CREATE INDEX CONCURRENTLY on tokens (substr(token), 0, 8)

Resolve fragmentation

PostgreSQL data tables can be fragmented on disks due to being implemented using a multiversion concurrency model. To deal with the problem, Instagram used pg_reorg to restructure the data table in five steps:

Locking the tables
Creating a temporary table for storing changes in the restructured tables
Creating a new table for index order
Sync changes from the temporary table to the new one
Replacing the old table with the new table

Archiving and backups

Instagram used WAL-E, a tool created by Heroku for continuous archiving PostgreSQL log files. This combination of backups and using WAL-E has allowedInstagram to quickly deploy a new replica for its PostgreSQL database or switch to an existing secondary node from the primary one.

Autocommit mode

Instagram has used psycopg2, a python driver for PostgreSQL, in the Django application. With autocommit mode enabled, psycopg2 won’t call BEGIN/COMMIT for every query but will instead have its own single transaction.

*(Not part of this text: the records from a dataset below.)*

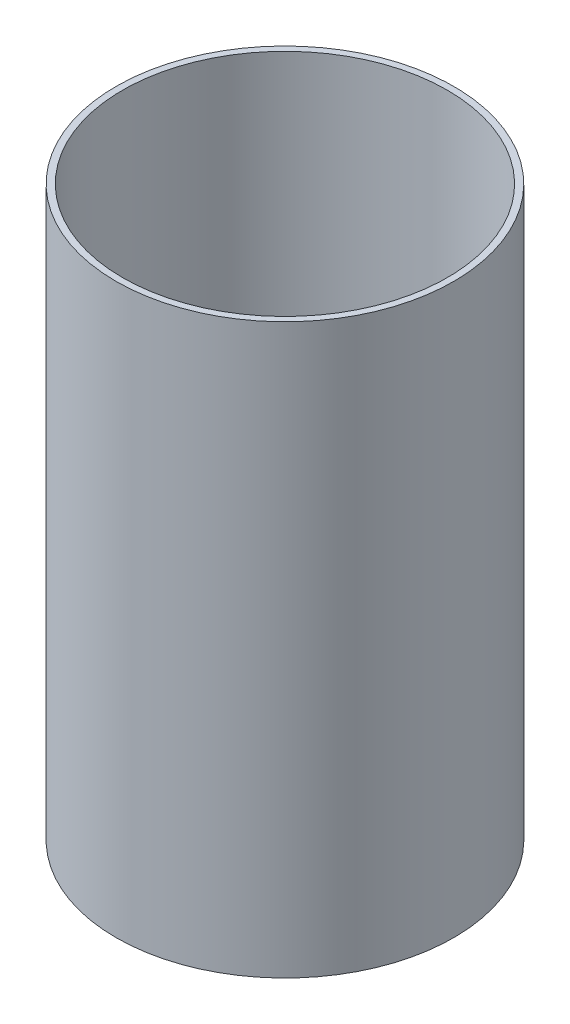
SolidWorks part; units mm, degrees
material "PTFE (general)"
ref_plane "Front Plane" through (0, 0, 0) normal (0, 0, 1) x (1, 0, 0)
ref_plane "Top Plane" through (0, 0, 0) normal (0, 1, 0) x (1, 0, 0)
ref_plane "Right Plane" through (0, 0, 0) normal (1, 0, 0) x (0, 0, -1)
ref_axis "Axis1" through (0, 55, 0) along (0, -1, 0)
sketch "Sketch2" plane through (0, 0, 0) normal (0, 0, 1) x (1, 0, 0)
  line L1 (-39.624, 0) -> (-38.1, 0)
  line L2 (-39.624, 0) -> (-39.624, -133.35)
  line L3 (-39.624, -133.35) -> (-38.1, -133.35)
  line L4 (-38.1, 0) -> (-38.1, -133.35)
  point P4 (0, 0)
  point P5 (0, 0)
  dimension "D2" = 1.524
revolve "Revolve1" add sketch "Sketch2" angle 360 about axis through (0, 55, 0) along (0, -1, 0)
equation "\"D2@Sketch2\"=\"LINER THICKNESS@Cryo Tank.Assembly\""

connection.autocommit = True

This results in lower system CPU usage and fewer requests between servers and databases.

Conclusion

Finding the one database that aligns with a project’s specific needs is not an easy feat—it requires a thorough understanding of work requirements and the technological aspects of each database considered.

In this article, we covered the benefits and drawbacks of MySQL and PostgreSQL and examined how two organizations under the Meta umbrella selected each to match their unique business needs and scaling requirements for growth. These examples will hopefully prove helpful while choosing a database for your next software project.